No offence to Retrotechie, but what he wrote is all pretty much wrong. To maintain most of the light in a 2 degree total angle, you need both a small LED (low lumens) and a big reflector. To get a lot of lumens, you need a bunch of these, or as discussed before one super huge optic. The closest off the shelf optic is about a 6" round compound optic (LEDIL I believe) that matches with an XHP35. This may give you 300-500 lumens hitting that reflector ... may!

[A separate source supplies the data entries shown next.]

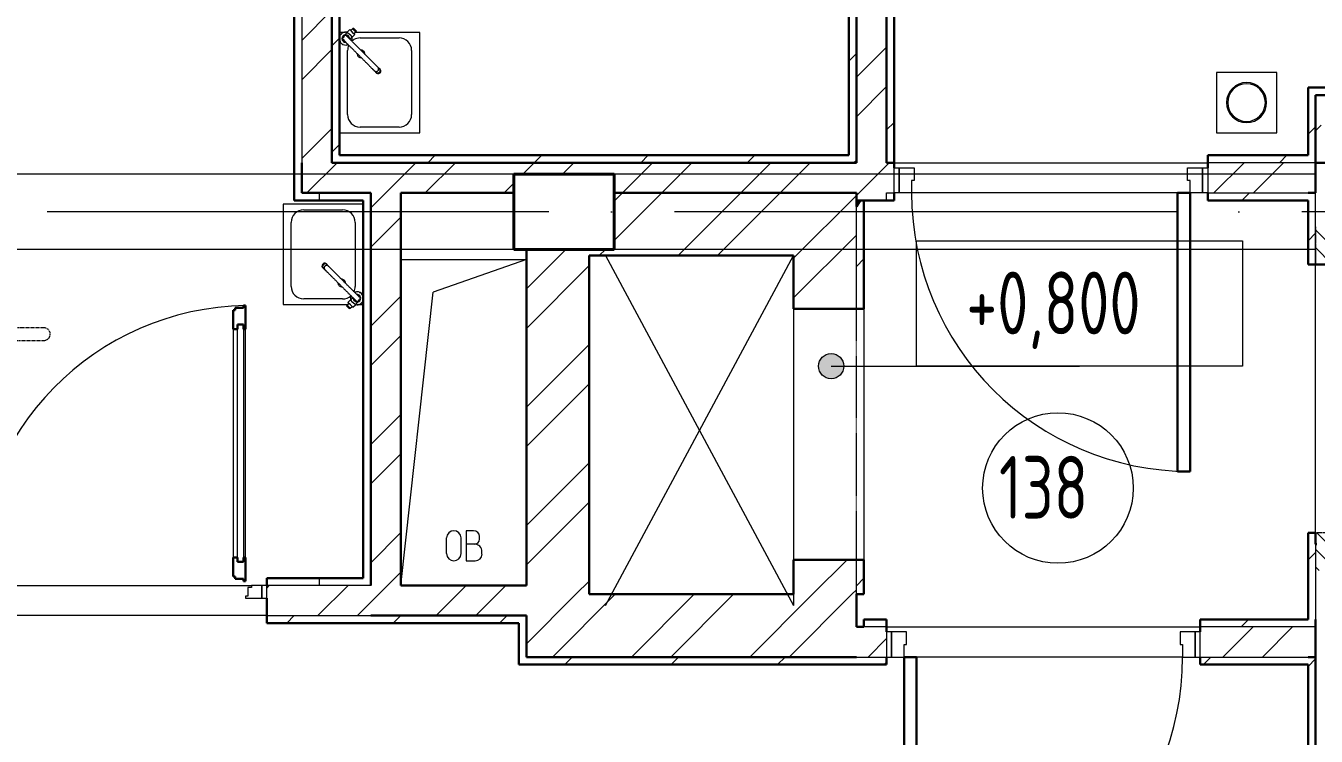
# Model space of a CAD drawing. Header units: millimetres. Extents: x -259809 to 472825, y -397243 to 31861.
# Drawn here: x -12891 to -7748, y -333623 to -330791 of the extents above; entities that cross this region are included whole.
import ezdxf

# ---------------------------------------------------------------- set-up
doc = ezdxf.new("R2010")
doc.units = ezdxf.units.MM
for name, pattern in [('ADSK_Линия сетки', [25, 20, -2.5, 0, -2.5]), ('ADSK_Невидимые', [5, 3, -2]), ('ADSK_Сверху', [450, 300, -150]), ('ADSK_Штриховая_ш2 п1_5', [4.5, 3, -1.5]), ('Сверху', [3.96875, 2.38125, -1.5875])]:
    doc.linetypes.add(name, pattern=pattern)
for name, color, linetype, lineweight in [('Аннотация', 252, 'Continuous', 18), ('Двери', 252, 'Continuous', 9), ('Линии', 7, 'Continuous', 9), ('Марки помещений', 252, 'Continuous', 20), ('Несущие колонны', 252, 'Continuous', 18), ('Обобщенные модели', 252, 'Continuous', 18), ('Оси', 252, 'Continuous', 9), ('Отметки', 252, 'Continuous', 9), ('Перекрытие', 252, 'Continuous', 18), ('Сантехника', 252, 'Continuous', 18), ('Стены внутренние', 252, 'Continuous', 18), ('Стены наружные', 252, 'Continuous', 18), ('Стены штриховка', 7, 'Continuous', 9)]:
    doc.layers.add(name, color=color, linetype=linetype, lineweight=lineweight)
doc.layers.add('Двери открывание', color=7, linetype='Continuous', lineweight=9, true_color=0xc0c0c0)
doc.layers.add('Узлы', color=252, linetype='Continuous')
doc.styles.add('GOST Common_3', font='', dxfattribs={"height": 3.5})
doc.styles.get('GOST Common_3').set_extended_font_data('GOST 2.304 type A')

# ---------------------------------------------------------------- blocks, each defined once
blk = doc.blocks.new('1 этаж')
at = {"layer": 'Двери', "lineweight": 18, "true_color": 0x636466}
h = blk.add_hatch(dxfattribs=at)
h.set_pattern_fill('FP_2', color=251, angle=-90, style=0, pattern_type=2)
h.set_pattern_definition([(315, (-7555.8, 20409.687), (35.3553, 35.3553), [])])
h.paths.add_polyline_path([(-7750.8, 19724.7), (-7360.8, 19724.7), (-7360.8, 19874.7), (-7750.8, 19874.7)])
h.paths.add_polyline_path([(-7360.8, 20944.7), (-7360.8, 21094.7), (-7750.8, 21094.7), (-7750.8, 20944.7)])
at = {"layer": 'Отметки', "true_color": 0x636466}
h = blk.add_hatch(color=251, dxfattribs=at)
edge = h.paths.add_edge_path()
edge.add_arc((-9681.2, 20539.2), 50, 0, 360)
at = {"color": 251, "lineweight": 18, "true_color": 0x636466}
for p, q in [((-11395.8, 20964.7), (-10895.8, 20964.7)), ((-11395.8, 20964.7), (-10895.8, 20964.7)), ((-10895.8, 20964.7), (-11267.3, 20833.4)), ((-11395.8, 19664.7), (-11267.3, 20833.4)), ((-11213.6, 19791.8), (-11213.6, 19854.4)), ((-11156.2, 19791.8), (-11156.2, 19854.4)), ((-11106.1, 19883.1), (-11136.1, 19883.1)), ((-11136.1, 19883.1), (-11136.1, 19763.1)), ((-11082.8, 19849.8), (-11082.8, 19859.8)), ((-11102.8, 19829.8), (-11136.1, 19829.8)), ((-11072.8, 19789.8), (-11072.8, 19799.8)), ((-11136.1, 19763.1), (-11099.4, 19763.1))]:
    blk.add_line(p, q, dxfattribs=at)
for centre, radius, start, end in [((-11184.9, 19854.4), 28.7, 0, 180), ((-11106.1, 19859.8), 23.3, 0, 90), ((-11102.8, 19849.8), 20, 270, 0), ((-11102.8, 19799.8), 30, 0, 90), ((-11184.9, 19791.8), 28.7, 180, 0), ((-11099.4, 19789.8), 26.7, 270, 0)]:
    blk.add_arc(centre, radius, start, end, dxfattribs=at)
at = {"layer": 'Аннотация', "color": 251, "lineweight": 20, "true_color": 0x636466}
for p, q in [((-9341.7, 20539.2), (-9341.7, 21039.2)), ((-9341.7, 21039.2), (-8041.7, 21039.2)), ((-8041.7, 21039.2), (-8041.7, 20539.2)), ((-8041.7, 20539.2), (-9341.7, 20539.2))]:
    blk.add_line(p, q, dxfattribs=at)
at = {"layer": 'Двери', "color": 251, "true_color": 0x636466}
for p, q in [((-9430.8, 21329.7), (-9410.8, 21329.7)), ((-9430.8, 21229.7), (-9430.8, 21329.7)), ((-9410.8, 21229.7), (-9410.8, 21329.7)), ((-9410.8, 21329.7), (-9350.8, 21329.7)), ((-9410.8, 21329.7), (-9410.8, 21229.7)), ((-9350.8, 21329.7), (-9350.8, 21279.7)), ((-8260.8, 21329.7), (-8200.8, 21329.7)), ((-8260.8, 21279.7), (-8260.8, 21329.7)), ((-8200.8, 21329.7), (-8200.8, 21229.7)), ((-8200.8, 21229.7), (-8200.8, 21329.7)), ((-8200.8, 21329.7), (-8180.8, 21329.7)), ((-8180.8, 21329.7), (-8180.8, 21229.7)), ((-9360.8, 21279.7), (-9360.8, 21229.7)), ((-9350.8, 21279.7), (-9360.8, 21279.7)), ((-8250.8, 21279.7), (-8260.8, 21279.7)), ((-8250.8, 21229.7), (-8250.8, 21279.7)), ((-9410.8, 21229.7), (-9430.8, 21229.7)), ((-9360.8, 21229.7), (-9410.8, 21229.7)), ((-8200.8, 21229.7), (-8250.8, 21229.7)), ((-8180.8, 21229.7), (-8200.8, 21229.7)), ((-12064.8, 20686.7), (-12064.8, 19776.7)), ((-12047.8, 19758.7), (-12047.8, 20704.7)), ((-12047.8, 20704.7), (-12023.8, 20704.7)), ((-12023.8, 20704.7), (-12023.8, 19758.7)), ((-12014.8, 19776.7), (-12014.8, 20686.7)), ((-12023.8, 19758.7), (-12047.8, 19758.7)), ((-11991.8, 19656.7), (-12005.8, 19656.7)), ((-12005.8, 19656.7), (-12005.8, 19622.7)), ((-11991.8, 19664.7), (-11991.8, 19656.7)), ((-11950.8, 19664.7), (-11991.8, 19664.7)), ((-11930.8, 19664.7), (-11950.8, 19664.7)), ((-11950.8, 19664.7), (-11950.8, 19614.7)), ((-11950.8, 19614.7), (-11950.8, 19664.7)), ((-11930.8, 19614.7), (-11930.8, 19664.7)), ((-12005.8, 19622.7), (-12014.8, 19622.7)), ((-12014.8, 19622.7), (-12014.8, 19614.7)), ((-12014.8, 19614.7), (-11950.8, 19614.7)), ((-11950.8, 19614.7), (-11930.8, 19614.7)), ((-9440.8, 19479.7), (-9460.8, 19479.7)), ((-9460.8, 19479.7), (-9460.8, 19379.7)), ((-9440.8, 19479.7), (-9440.8, 19379.7)), ((-9380.8, 19479.7), (-9440.8, 19479.7)), ((-9440.8, 19379.7), (-9440.8, 19479.7)), ((-9380.8, 19429.7), (-9380.8, 19479.7)), ((-8230.8, 19479.7), (-8290.8, 19479.7)), ((-8290.8, 19479.7), (-8290.8, 19429.7)), ((-8230.8, 19379.7), (-8230.8, 19479.7)), ((-8230.8, 19479.7), (-8230.8, 19379.7)), ((-8210.8, 19479.7), (-8230.8, 19479.7)), ((-8210.8, 19379.7), (-8210.8, 19479.7)), ((-9390.8, 19379.7), (-9390.8, 19429.7)), ((-9390.8, 19429.7), (-9380.8, 19429.7)), ((-8290.8, 19429.7), (-8280.8, 19429.7)), ((-8280.8, 19429.7), (-8280.8, 19379.7)), ((-9460.8, 19379.7), (-9440.8, 19379.7)), ((-9440.8, 19379.7), (-9390.8, 19379.7)), ((-8280.8, 19379.7), (-8230.8, 19379.7)), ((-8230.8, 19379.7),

I don't know how wide your parking lot is, but for 10 cars, you don't cut the asphalt. You could of course go around, but there also machines for boring underneath for conduit for just such situations.


----------



## stasikdz (Jul 18, 2020)

one thing is clear is that this task is not as simple as it seemed at first.
I'll do the following: I ordered a 180W LED, and a 300mm (almost 12 inch) fresnel lens with a 120mm focal length, let's see what comes together. If the result is not satisfactory then I will have to talk to the owner from whom I can take the electricity, put the electricity meter, pull the cable (~200m) and put the Led light on the remote.
Thanks for the suggestions.


----------



## arek98 (Jul 18, 2020)

RetroTechie said:


> Nonsense. Question this thread started with, is the kind of job every "thrower" style flashlight is designed for. Or perhaps some fixtures as used to illuminate the outside of buildings. Just have a look at those things, and you'll find that for a tight beam (read: parallel = non-diverting rays of light), you will need:



I guess you didn't get to the point where OP said 50W of light in that 1.5 degree beam (he wrote 50x50cm from 20m but this is what it is). Point me to a thrower that can do this and is smaller than satellite antenna, please, I would like to buy one.

Edit: Assuming 5000lm output (that's about 50W on LED assuming good efficiency - don't know how much on target) it means about 9,275,000cd!



RetroTechie said:


> light source can be approximated as a point source



No, it cannot be. LED is far to big to be approximated as point source when considering smallish reflectors, maybe if you plan using few meters in diameter reflector.


----------